Strengths:  I am surprised at my interest in this kit.  Part of this reactions comes from the fact that we are looking at a very well made and nicely designed kit.  It is based on their 2016 new tool release of the single seat F1C/CH kit, but has new parts – two entirely new fuselage halves and a second cockpit.  The parts breakdown is rather straightforward and it will be a relatively simple, hassle-free build.

For a 1:72 scale kit, it is well detailed, too.  The cockpit parts, wheel wells, landing gear, intakes, and afterburner nozzle interior stand out as being quite nicely done.  On some level, it’s too bad this trainer version does not make use of the ordnance on Sprue D since they are all really nicely done injection-molded munitions.  I did a quick fit-check between the fuselage halves and the wings.  The fuselage halves came together perfectly, but a little bit of work is needed to get the wings to fit seamlessly (see below). 

For this scale, instrument panels have raised relief but decals are intended to represent all the instrument panel details.  I am usually hesitant to use decals for any instrument panel, but here, I think the decals work since they are finely printed and have a lot of detail (thanks, Cartograf!).  There are also very nicely cast resin parts for the wingtip missile rails and the chaff dispensers that are a modular assembly that adds onto the outboard sides of the ventral strakes.  Yet, for these three versions, it does not look like countermeasure dispensers were fitted to any of them.  The instructions also make note of small details for the F1B/BE that require attention, such as removal of an air scoop, filling of underwing pylon attachment points, and how the second paint scheme requires one to steal the in-flight refueling probe attached to one of the unused single-seat F1 noses in the kit.

The choice in paint schemes here are each a winner – with each one being quite attractive.

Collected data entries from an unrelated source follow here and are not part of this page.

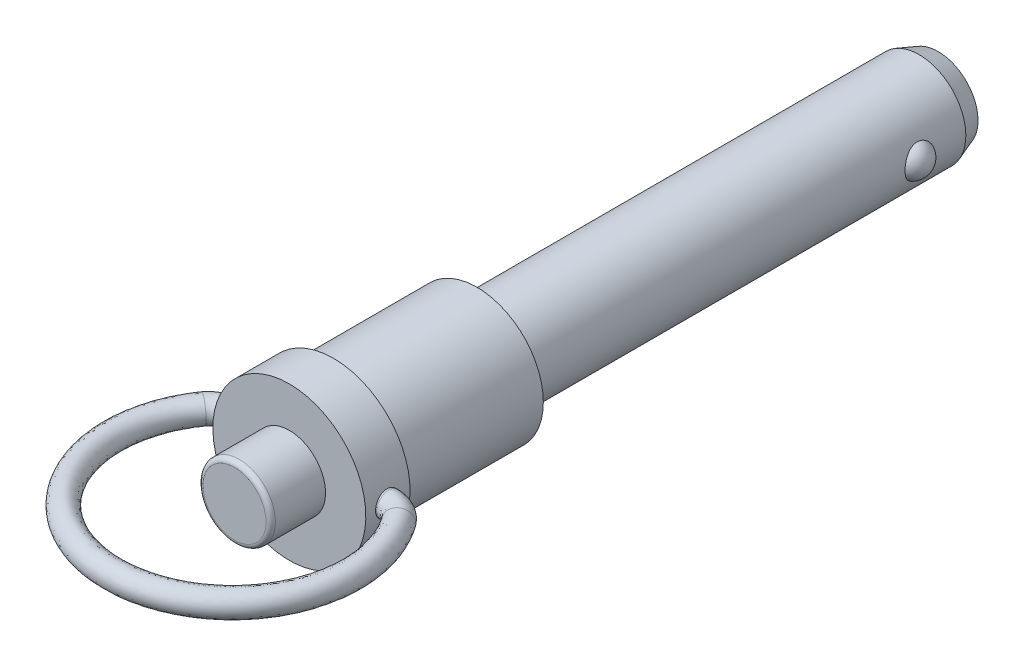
ISO-10303-21;
HEADER;
FILE_DESCRIPTION(('STEP AP214'),'2;1');
FILE_NAME('part.step','',(''),(''),'','','');
FILE_SCHEMA(('AUTOMOTIVE_DESIGN { 1 0 10303 214 1 1 1 1 }'));
ENDSEC;
DATA;
#1=APPLICATION_CONTEXT('core data for automotive mechanical design processes');
#2=APPLICATION_PROTOCOL_DEFINITION('international standard','automotive_design',2000,#1);
#3=PRODUCT_CONTEXT('',#1,'mechanical');
#4=PRODUCT('Part','Part','',(#3));
#5=PRODUCT_RELATED_PRODUCT_CATEGORY('part','',(#4));
#6=PRODUCT_DEFINITION_FORMATION('','',#4);
#7=PRODUCT_DEFINITION_CONTEXT('part definition',#1,'design');
#8=PRODUCT_DEFINITION('design','',#6,#7);
#9=PRODUCT_DEFINITION_SHAPE('','',#8);
#10=(LENGTH_UNIT() NAMED_UNIT(*) SI_UNIT(.MILLI.,.METRE.));
#11=(NAMED_UNIT(*) PLANE_ANGLE_UNIT() SI_UNIT($,.RADIAN.));
#12=(NAMED_UNIT(*) SI_UNIT($,.STERADIAN.) SOLID_ANGLE_UNIT());
#13=UNCERTAINTY_MEASURE_WITH_UNIT(LENGTH_MEASURE(1.E-05),#10,'distance_accuracy_value','');
#14=(GEOMETRIC_REPRESENTATION_CONTEXT(3) GLOBAL_UNCERTAINTY_ASSIGNED_CONTEXT((#13)) GLOBAL_UNIT_ASSIGNED_CONTEXT((#10,
#11,#12)) REPRESENTATION_CONTEXT('',''));
#15=CARTESIAN_POINT('',(0.,0.,0.));
#16=DIRECTION('',(0.,0.,1.));
#17=DIRECTION('',(1.,0.,0.));
#18=AXIS2_PLACEMENT_3D('',#15,#16,#17);
#19=CARTESIAN_POINT('',(0.,0.,25.765));
#20=DIRECTION('',(0.,0.,1.));
#21=DIRECTION('',(1.,0.,0.));
#22=AXIS2_PLACEMENT_3D('',#19,#20,#21);
#23=PLANE('',#22);
#24=CARTESIAN_POINT('',(0.,0.,25.765));
#25=DIRECTION('',(0.,0.,1.));
#26=DIRECTION('',(1.,0.,0.));
#27=AXIS2_PLACEMENT_3D('',#24,#25,#26);
#28=CIRCLE('',#27,3.3481);
#29=CARTESIAN_POINT('',(3.3481,0.,25.765));
#30=VERTEX_POINT('',#29);
#31=EDGE_CURVE('E140',#30,#30,#28,.T.);
#32=ORIENTED_EDGE('',*,*,#31,.T.);
#33=EDGE_LOOP('',(#32));
#34=FACE_BOUND('',#33,.T.);
#35=ADVANCED_FACE('F12',(#34),#23,.T.);
#36=CARTESIAN_POINT('',(0.,0.,25.265));
#37=DIRECTION('',(0.,0.,1.));
#38=DIRECTION('',(1.,0.,0.));
#39=AXIS2_PLACEMENT_3D('',#36,#37,#38);
#40=TOROIDAL_SURFACE('',#39,3.3481,0.5);
#41=CARTESIAN_POINT('',(0.,0.,25.265));
#42=DIRECTION('',(0.,0.,1.));
#43=DIRECTION('',(1.,0.,0.));
#44=AXIS2_PLACEMENT_3D('',#41,#42,#43);
#45=CIRCLE('',#44,3.8481);
#46=CARTESIAN_POINT('',(3.8481,0.,25.265));
#47=VERTEX_POINT('',#46);
#48=EDGE_CURVE('E137',#47,#47,#45,.T.);
#49=ORIENTED_EDGE('',*,*,#48,.T.);
#50=EDGE_LOOP('',(#49));
#51=FACE_BOUND('',#50,.T.);
#52=ORIENTED_EDGE('',*,*,#31,.F.);
#53=EDGE_LOOP('',(#52));
#54=FACE_BOUND('',#53,.T.);
#55=ADVANCED_FACE('F75',(#51,#54),#40,.T.);
#56=CARTESIAN_POINT('',(11.4497733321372,0.,17.9437724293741));
#57=CARTESIAN_POINT('',(11.8265676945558,0.,18.4801460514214));
#58=CARTESIAN_POINT('',(12.6551080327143,0.,19.8662433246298));
#59=CARTESIAN_POINT('',(13.4882796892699,0.,22.0133244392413));
#60=CARTESIAN_POINT('',(14.0014195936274,0.,24.4938075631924));
#61=CARTESIAN_POINT('',(14.0399868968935,0.,27.1482100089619));
#62=CARTESIAN_POINT('',(13.5501253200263,0.,29.8733661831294));
#63=CARTESIAN_POINT('',(12.5103672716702,0.,32.4943169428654));
#64=CARTESIAN_POINT('',(10.9649059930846,0.,34.8529407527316));
#65=CARTESIAN_POINT('',(9.01915526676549,0.,36.8217510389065));
#66=CARTESIAN_POINT('',(6.82219687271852,0.,38.3176313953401));
#67=CARTESIAN_POINT('',(4.51156788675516,0.,39.3254677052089));
#68=CARTESIAN_POINT('',(2.23137128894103,0.,39.879227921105));
#69=CARTESIAN_POINT('',(7.28333001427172E-13,0.,40.0580345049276));
#70=CARTESIAN_POINT('',(-2.23137128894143,0.,39.879227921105));
#71=CARTESIAN_POINT('',(-4.51156788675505,0.,39.3254677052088));
#72=CARTESIAN_POINT('',(-6.82219687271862,0.,38.31763139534));
#73=CARTESIAN_POINT('',(-9.01915526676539,0.,36.8217510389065));
#74=CARTESIAN_POINT('',(-10.9649059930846,0.,34.8529407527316));
#75=CARTESIAN_POINT('',(-12.5103672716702,0.,32.4943169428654));
#76=CARTESIAN_POINT('',(-13.5501253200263,0.,29.8733661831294));
#77=CARTESIAN_POINT('',(-14.0399868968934,0.,27.148210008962));
#78=CARTESIAN_POINT('',(-14.0014195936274,0.,24.4938075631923));
#79=CARTESIAN_POINT('',(-13.4882796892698,0.,22.0133244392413));
#80=CARTESIAN_POINT('',(-12.6551080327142,0.,19.8662433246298));
#81=CARTESIAN_POINT('',(-11.8265676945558,0.,18.4801460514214));
#82=CARTESIAN_POINT('',(-11.4497733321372,0.,17.9437724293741));
#83=CARTESIAN_POINT('',(11.4497733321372,-2.59999999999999,17.9437724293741));
#84=CARTESIAN_POINT('',(11.7096770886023,-2.59999999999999,18.3137501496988));
#85=CARTESIAN_POINT('',(12.7137877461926,-2.59999999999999,19.9497749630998));
#86=CARTESIAN_POINT('',(13.4708176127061,-2.59999999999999,21.9884668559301));
#87=CARTESIAN_POINT('',(14.0065482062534,-2.6,24.5011082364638));
#88=CARTESIAN_POINT('',(14.0385176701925,-2.59999999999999,27.1461185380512));
#89=CARTESIAN_POINT('',(13.5505344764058,-2.59999999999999,29.8739486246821));
#90=CARTESIAN_POINT('',(12.5102566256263,-2.59999999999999,32.4941594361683));
#91=CARTESIAN_POINT('',(10.9649350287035,-2.59999999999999,34.8529820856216));
#92=CARTESIAN_POINT('',(9.01914786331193,-2.6,36.8217404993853));
#93=CARTESIAN_POINT('',(6.82219870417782,-2.59999999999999,38.3176340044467));
#94=CARTESIAN_POINT('',(4.51156744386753,-2.59999999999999,39.3254670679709));
#95=CARTESIAN_POINT('',(2.23137138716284,-2.59999999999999,39.879228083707));
#96=CARTESIAN_POINT('',(7.28268272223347E-13,-2.59999999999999,40.0580344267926));
#97=CARTESIAN_POINT('',(-2.23137138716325,-2.6,39.879228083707));
#98=CARTESIAN_POINT('',(-4.51156744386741,-2.59999999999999,39.3254670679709));
#99=CARTESIAN_POINT('',(-6.82219870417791,-2.6,38.3176340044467));
#100=CARTESIAN_POINT('',(-9.01914786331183,-2.59999999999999,36.8217404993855));
#101=CARTESIAN_POINT('',(-10.9649350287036,-2.59999999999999,34.8529820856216));
#102=CARTESIAN_POINT('',(-12.5102566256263,-2.59999999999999,32.4941594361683));
#103=CARTESIAN_POINT('',(-13.5505344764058,-2.59999999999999,29.8739486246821));
#104=CARTESIAN_POINT('',(-14.0385176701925,-2.6,27.1461185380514));
#105=CARTESIAN_POINT('',(-14.0065482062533,-2.59999999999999,24.5011082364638));
#106=CARTESIAN_POINT('',(-13.4708176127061,-2.59999999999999,21.9884668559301));
#107=CARTESIAN_POINT('',(-12.7137877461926,-2.59999999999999,19.9497749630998));
#108=CARTESIAN_POINT('',(-11.7096770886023,-2.59999999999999,18.3137501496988));
#109=CARTESIAN_POINT('',(-11.4497733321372,-2.59999999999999,17.9437724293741));
#110=CARTESIAN_POINT('',(9.33442519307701,-2.59999999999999,19.4556422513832));
#111=CARTESIAN_POINT('',(9.59432894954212,-2.59999999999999,19.8256199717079));
#112=CARTESIAN_POINT('',(10.3328710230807,-2.59999999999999,21.0505437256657));
#113=CARTESIAN_POINT('',(10.9823054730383,-2.59999999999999,22.7644201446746));
#114=CARTESIAN_POINT('',(11.4042672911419,-2.6,24.7888114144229));
#115=CARTESIAN_POINT('',(11.4306312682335,-2.59999999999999,26.9493701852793));
#116=CARTESIAN_POINT('',(11.0308912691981,-2.59999999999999,29.1626260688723));
#117=CARTESIAN_POINT('',(10.1828123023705,-2.59999999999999,31.2968985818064));
#118=CARTESIAN_POINT('',(8.92160036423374,-2.59999999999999,33.2166725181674));
#119=CARTESIAN_POINT('',(7.34098330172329,-2.6,34.8144779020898));
#120=CARTESIAN_POINT('',(5.5491258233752,-2.59999999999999,36.0332448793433));
#121=CARTESIAN_POINT('',(3.67550207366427,-2.59999999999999,36.8497543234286));
#122=CARTESIAN_POINT('',(1.8109997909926,-2.59999999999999,37.3021941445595));
#123=CARTESIAN_POINT('',(-9.61358135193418E-13,-2.59999999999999,37.4469985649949));
#124=CARTESIAN_POINT('',(-1.81099979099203,-2.6,37.3021941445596));
#125=CARTESIAN_POINT('',(-3.6755020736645,-2.59999999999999,36.8497543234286));
#126=CARTESIAN_POINT('',(-5.54912582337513,-2.6,36.0332448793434));
#127=CARTESIAN_POINT('',(-7.34098330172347,-2.59999999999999,34.8144779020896));
#128=CARTESIAN_POINT('',(-8.92160036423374,-2.59999999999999,33.2166725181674));
#129=CARTESIAN_POINT('',(-10.1828123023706,-2.59999999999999,31.2968985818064));
#130=CARTESIAN_POINT('',(-11.0308912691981,-2.59999999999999,29.1626260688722));
#131=CARTESIAN_POINT('',(-11.4306312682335,-2.6,26.9493701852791));
#132=CARTESIAN_POINT('',(-11.4042672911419,-2.59999999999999,24.7888114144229));
#133=CARTESIAN_POINT('',(-10.9823054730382,-2.59999999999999,22.7644201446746));
#134=CARTESIAN_POINT('',(-10.3328710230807,-2.59999999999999,21.0505437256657));
#135=CARTESIAN_POINT('',(-9.59432894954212,-2.59999999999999,19.8256199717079));
#136=CARTESIAN_POINT('',(-9.33442519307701,-2.59999999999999,19.4556422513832));
#137=CARTESIAN_POINT('',(9.33442519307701,0.,19.4556422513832));
#138=CARTESIAN_POINT('',(9.65277425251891,0.,19.9088179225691));
#139=CARTESIAN_POINT('',(10.3035311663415,0.,21.0087779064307));
#140=CARTESIAN_POINT('',(10.9910365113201,0.,22.7768489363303));
#141=CARTESIAN_POINT('',(11.4017029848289,0.,24.7851610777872));
#142=CARTESIAN_POINT('',(11.431365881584,0.,26.9504159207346));
#143=CARTESIAN_POINT('',(11.0306866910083,0.,29.1623348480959));
#144=CARTESIAN_POINT('',(10.1828676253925,0.,31.2969773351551));
#145=CARTESIAN_POINT('',(8.92158584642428,0.,33.2166518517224));
#146=CARTESIAN_POINT('',(7.34098700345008,0.,34.8144831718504));
#147=CARTESIAN_POINT('',(5.54912490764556,0.,36.03324357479));
#148=CARTESIAN_POINT('',(3.67550229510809,0.,36.8497546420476));
#149=CARTESIAN_POINT('',(1.8109997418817,0.,37.3021940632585));
#150=CARTESIAN_POINT('',(-9.6127182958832E-13,0.,37.4469986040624));
#151=CARTESIAN_POINT('',(-1.81099974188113,0.,37.3021940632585));
#152=CARTESIAN_POINT('',(-3.67550229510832,0.,36.8497546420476));
#153=CARTESIAN_POINT('',(-5.54912490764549,0.,36.03324357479));
#154=CARTESIAN_POINT('',(-7.34098700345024,0.,34.8144831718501));
#155=CARTESIAN_POINT('',(-8.92158584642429,0.,33.2166518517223));
#156=CARTESIAN_POINT('',(-10.1828676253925,0.,31.296977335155));
#157=CARTESIAN_POINT('',(-11.0306866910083,0.,29.1623348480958));
#158=CARTESIAN_POINT('',(-11.431365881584,0.,26.9504159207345));
#159=CARTESIAN_POINT('',(-11.4017029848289,0.,24.7851610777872));
#160=CARTESIAN_POINT('',(-10.9910365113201,0.,22.7768489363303));
#161=CARTESIAN_POINT('',(-10.3035311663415,0.,21.0087779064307));
#162=CARTESIAN_POINT('',(-9.6527742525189,0.,19.9088179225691));
#163=CARTESIAN_POINT('',(-9.33442519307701,0.,19.4556422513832));
#164=CARTESIAN_POINT('',(9.33442519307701,2.59999999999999,19.4556422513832));
#165=CARTESIAN_POINT('',(9.7112195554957,2.59999999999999,19.9920158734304));
#166=CARTESIAN_POINT('',(10.2741913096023,2.59999999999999,20.9670120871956));
#167=CARTESIAN_POINT('',(10.999767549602,2.59999999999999,22.7892777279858));
#168=CARTESIAN_POINT('',(11.3991386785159,2.6,24.7815107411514));
#169=CARTESIAN_POINT('',(11.4321004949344,2.59999999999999,26.9514616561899));
#170=CARTESIAN_POINT('',(11.0304821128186,2.59999999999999,29.1620436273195));
#171=CARTESIAN_POINT('',(10.1829229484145,2.59999999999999,31.2970560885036));
#172=CARTESIAN_POINT('',(8.92157132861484,2.59999999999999,33.2166311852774));
#173=CARTESIAN_POINT('',(7.34099070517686,2.6,34.8144884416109));
#174=CARTESIAN_POINT('',(5.54912399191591,2.59999999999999,36.0332422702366));
#175=CARTESIAN_POINT('',(3.67550251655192,2.59999999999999,36.8497549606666));
#176=CARTESIAN_POINT('',(1.81099969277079,2.59999999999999,37.3021939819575));
#177=CARTESIAN_POINT('',(-9.61422864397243E-13,2.59999999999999,37.4469986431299));
#178=CARTESIAN_POINT('',(-1.81099969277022,2.6,37.3021939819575));
#179=CARTESIAN_POINT('',(-3.67550251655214,2.59999999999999,36.8497549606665));
#180=CARTESIAN_POINT('',(-5.54912399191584,2.6,36.0332422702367));
#181=CARTESIAN_POINT('',(-7.34099070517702,2.59999999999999,34.8144884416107));
#182=CARTESIAN_POINT('',(-8.92157132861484,2.59999999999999,33.2166311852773));
#183=CARTESIAN_POINT('',(-10.1829229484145,2.59999999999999,31.2970560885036));
#184=CARTESIAN_POINT('',(-11.0304821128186,2.59999999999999,29.1620436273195));
#185=CARTESIAN_POINT('',(-11.4321004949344,2.6,26.9514616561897));
#186=CARTESIAN_POINT('',(-11.3991386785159,2.59999999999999,24.7815107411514));
#187=CARTESIAN_POINT('',(-10.999767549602,2.59999999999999,22.7892777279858));
#188=CARTESIAN_POINT('',(-10.2741913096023,2.59999999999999,20.9670120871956));
#189=CARTESIAN_POINT('',(-9.71121955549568,2.59999999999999,19.9920158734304));
#190=CARTESIAN_POINT('',(-9.33442519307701,2.59999999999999,19.4556422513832));
#191=CARTESIAN_POINT('',(11.4497733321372,2.59999999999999,17.9437724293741));
#192=CARTESIAN_POINT('',(11.9434583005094,2.59999999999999,18.6465419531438));
#193=CARTESIAN_POINT('',(12.5964283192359,2.59999999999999,19.7827116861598));
#194=CARTESIAN_POINT('',(13.5057417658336,2.59999999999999,22.0381820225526));
#195=CARTESIAN_POINT('',(13.9962909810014,2.6,24.4865068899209));
#196=CARTESIAN_POINT('',(14.0414561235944,2.59999999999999,27.1503014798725));
#197=CARTESIAN_POINT('',(13.5497161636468,2.59999999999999,29.8727837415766));
#198=CARTESIAN_POINT('',(12.5104779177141,2.59999999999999,32.4944744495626));
#199=CARTESIAN_POINT('',(10.9648769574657,2.59999999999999,34.8528994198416));
#200=CARTESIAN_POINT('',(9.01916267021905,2.6,36.8217615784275));
#201=CARTESIAN_POINT('',(6.82219504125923,2.59999999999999,38.3176287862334));
#202=CARTESIAN_POINT('',(4.5115683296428,2.59999999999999,39.3254683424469));
#203=CARTESIAN_POINT('',(2.23137119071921,2.59999999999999,39.8792277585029));
#204=CARTESIAN_POINT('',(7.28203543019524E-13,2.59999999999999,40.0580345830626));
#205=CARTESIAN_POINT('',(-2.23137119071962,2.6,39.879227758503));
#206=CARTESIAN_POINT('',(-4.51156832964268,2.59999999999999,39.3254683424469));
#207=CARTESIAN_POINT('',(-6.82219504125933,2.6,38.3176287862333));
#208=CARTESIAN_POINT('',(-9.01916267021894,2.59999999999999,36.8217615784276));
#209=CARTESIAN_POINT('',(-10.9648769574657,2.59999999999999,34.8528994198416));
#210=CARTESIAN_POINT('',(-12.5104779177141,2.59999999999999,32.4944744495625));
#211=CARTESIAN_POINT('',(-13.5497161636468,2.59999999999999,29.8727837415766));
#212=CARTESIAN_POINT('',(-14.0414561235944,2.6,27.1503014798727));
#213=CARTESIAN_POINT('',(-13.9962909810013,2.59999999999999,24.4865068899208));
#214=CARTESIAN_POINT('',(-13.5057417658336,2.59999999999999,22.0381820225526));
#215=CARTESIAN_POINT('',(-12.5964283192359,2.59999999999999,19.7827116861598));
#216=CARTESIAN_POINT('',(-11.9434583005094,2.59999999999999,18.6465419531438));
#217=CARTESIAN_POINT('',(-11.4497733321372,2.59999999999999,17.9437724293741));
#218=CARTESIAN_POINT('',(11.4497733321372,0.,17.9437724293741));
#219=CARTESIAN_POINT('',(11.8265676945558,0.,18.4801460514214));
#220=CARTESIAN_POINT('',(12.6551080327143,0.,19.8662433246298));
#221=CARTESIAN_POINT('',(13.4882796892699,0.,22.0133244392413));
#222=CARTESIAN_POINT('',(14.0014195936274,0.,24.4938075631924));
#223=CARTESIAN_POINT('',(14.0399868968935,0.,27.1482100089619));
#224=CARTESIAN_POINT('',(13.5501253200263,0.,29.8733661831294));
#225=CARTESIAN_POINT('',(12.5103672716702,0.,32.4943169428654));
#226=CARTESIAN_POINT('',(10.9649059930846,0.,34.8529407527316));
#227=CARTESIAN_POINT('',(9.01915526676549,0.,36.8217510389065));
#228=CARTESIAN_POINT('',(6.82219687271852,0.,38.3176313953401));
#229=CARTESIAN_POINT('',(4.51156788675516,0.,39.3254677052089));
#230=CARTESIAN_POINT('',(2.23137128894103,0.,39.879227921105));
#231=CARTESIAN_POINT('',(7.28333001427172E-13,0.,40.0580345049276));
#232=CARTESIAN_POINT('',(-2.23137128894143,0.,39.879227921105));
#233=CARTESIAN_POINT('',(-4.51156788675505,0.,39.3254677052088));
#234=CARTESIAN_POINT('',(-6.82219687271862,0.,38.31763139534));
#235=CARTESIAN_POINT('',(-9.01915526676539,0.,36.8217510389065));
#236=CARTESIAN_POINT('',(-10.9649059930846,0.,34.8529407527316));
#237=CARTESIAN_POINT('',(-12.5103672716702,0.,32.4943169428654));
#238=CARTESIAN_POINT('',(-13.5501253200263,0.,29.8733661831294));
#239=CARTESIAN_POINT('',(-14.0399868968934,0.,27.148210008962));
#240=CARTESIAN_POINT('',(-14.0014195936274,0.,24.4938075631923));
#241=CARTESIAN_POINT('',(-13.4882796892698,0.,22.0133244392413));
#242=CARTESIAN_POINT('',(-12.6551080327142,0.,19.8662433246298));
#243=CARTESIAN_POINT('',(-11.8265676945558,0.,18.4801460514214));
#244=CARTESIAN_POINT('',(-11.4497733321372,0.,17.9437724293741));
#245=(BOUNDED_SURFACE() B_SPLINE_SURFACE(3,3,((#56,#57,#58,#59,#60,#61,#62,#63,#64,#65,#66,#67,
#68,#69,#70,#71,#72,#73,#74,#75,#76,#77,#78,#79,#80,#81,#82),(#83,#84,#85,#86,#87,#88,#89,#90,
#91,#92,#93,#94,#95,#96,#97,#98,#99,#100,#101,#102,#103,#104,#105,#106,#107,#108,#109),(#110,
#111,#112,#113,#114,#115,#116,#117,#118,#119,#120,#121,#122,#123,#124,#125,#126,#127,#128,#129,
#130,#131,#132,#133,#134,#135,#136),(#137,#138,#139,#140,#141,#142,#143,#144,#145,#146,#147,
#148,#149,#150,#151,#152,#153,#154,#155,#156,#157,#158,#159,#160,#161,#162,#163),(#164,#165,
#166,#167,#168,#169,#170,#171,#172,#173,#174,#175,#176,#177,#178,#179,#180,#181,#182,#183,#184,
#185,#186,#187,#188,#189,#190),(#191,#192,#193,#194,#195,#196,#197,#198,#199,#200,#201,#202,
#203,#204,#205,#206,#207,#208,#209,#210,#211,#212,#213,#214,#215,#216,#217),(#218,#219,#220,
#221,#222,#223,#224,#225,#226,#227,#228,#229,#230,#231,#232,#233,#234,#235,#236,#237,#238,#239,
#240,#241,#242,#243,#244)),.UNSPECIFIED.,.T.,.F.,.F.) B_SPLINE_SURFACE_WITH_KNOTS((4,3,4),(4,1,
1,1,1,1,1,1,1,1,1,1,1,1,1,1,1,1,1,1,1,1,1,1,4),(0.,0.5,1.),(0.,0.0355177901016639,
0.0739139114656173,0.114982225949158,0.158533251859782,0.203808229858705,0.250000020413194,
0.296191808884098,0.34146678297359,0.385017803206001,0.426086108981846,0.464482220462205,0.5,
0.535517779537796,0.573913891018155,0.614982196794,0.658533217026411,0.703808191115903,
0.749999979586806,0.796191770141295,0.841466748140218,0.885017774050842,0.926086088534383,
0.964482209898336,1.),
.UNSPECIFIED.) GEOMETRIC_REPRESENTATION_ITEM() RATIONAL_B_SPLINE_SURFACE(((1.,1.,1.,1.,1.,1.,1.,
1.,1.,1.,1.,1.,1.,1.,1.,1.,1.,1.,1.,1.,1.,1.,1.,1.,1.,1.,1.),(0.333333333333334,
0.333333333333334,0.333333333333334,0.333333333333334,0.333333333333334,0.333333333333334,
0.333333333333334,0.333333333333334,0.333333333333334,0.333333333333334,0.333333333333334,
0.333333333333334,0.333333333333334,0.333333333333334,0.333333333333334,0.333333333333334,
0.333333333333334,0.333333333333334,0.333333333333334,0.333333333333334,0.333333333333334,
0.333333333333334,0.333333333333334,0.333333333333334,0.333333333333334,0.333333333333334,
0.333333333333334),(0.333333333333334,0.333333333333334,0.333333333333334,0.333333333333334,
0.333333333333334,0.333333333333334,0.333333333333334,0.333333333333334,0.333333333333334,
0.333333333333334,0.333333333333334,0.333333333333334,0.333333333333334,0.333333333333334,
0.333333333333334,0.333333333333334,0.333333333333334,0.333333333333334,0.333333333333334,
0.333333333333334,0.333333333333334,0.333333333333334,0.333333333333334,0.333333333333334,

For me, the Spanish F1BE in its desert Tiger Meet scheme is almost irresistible.  The decals were printed by Cartograf and are exceptional, from their vibrant colors, great print quality, and highly restrained carrier film.    
 
Weaknesses:  This kit has a few weak spots to consider.  For one, I do consider the recessed panel lines to be somewhat overdone.  They are a bit too deep and wide for 1:72 scale, but a few coats of paint will help fill in and lessen this effect.  There are no rivet or fastener details.  Wing fit was close to seamless and perfect, but there’s a bit of a fit conflict between the inboard side of the leading edge slat and the fuselage that throws off fit at the wing root ever so slightly.  A few passes with a sanding stick took care of the problem, however.  Some of the pour gates attaching part to sprue were gargantuan, and I opted to use a razor saw to separate the tops of the fuselage from the sprue rather than using a regular sprue snipper.

It’s also too bad the control surfaces and speed brakes were not separate parts, as it would have made for greater visual interest in the finished model (at least for me).  The kit ejection seats are okay for 1:72 scale but they have an anomalous oval depression in the seat’s backpad that I know not to be present on the Martin-Baker Mk. 10.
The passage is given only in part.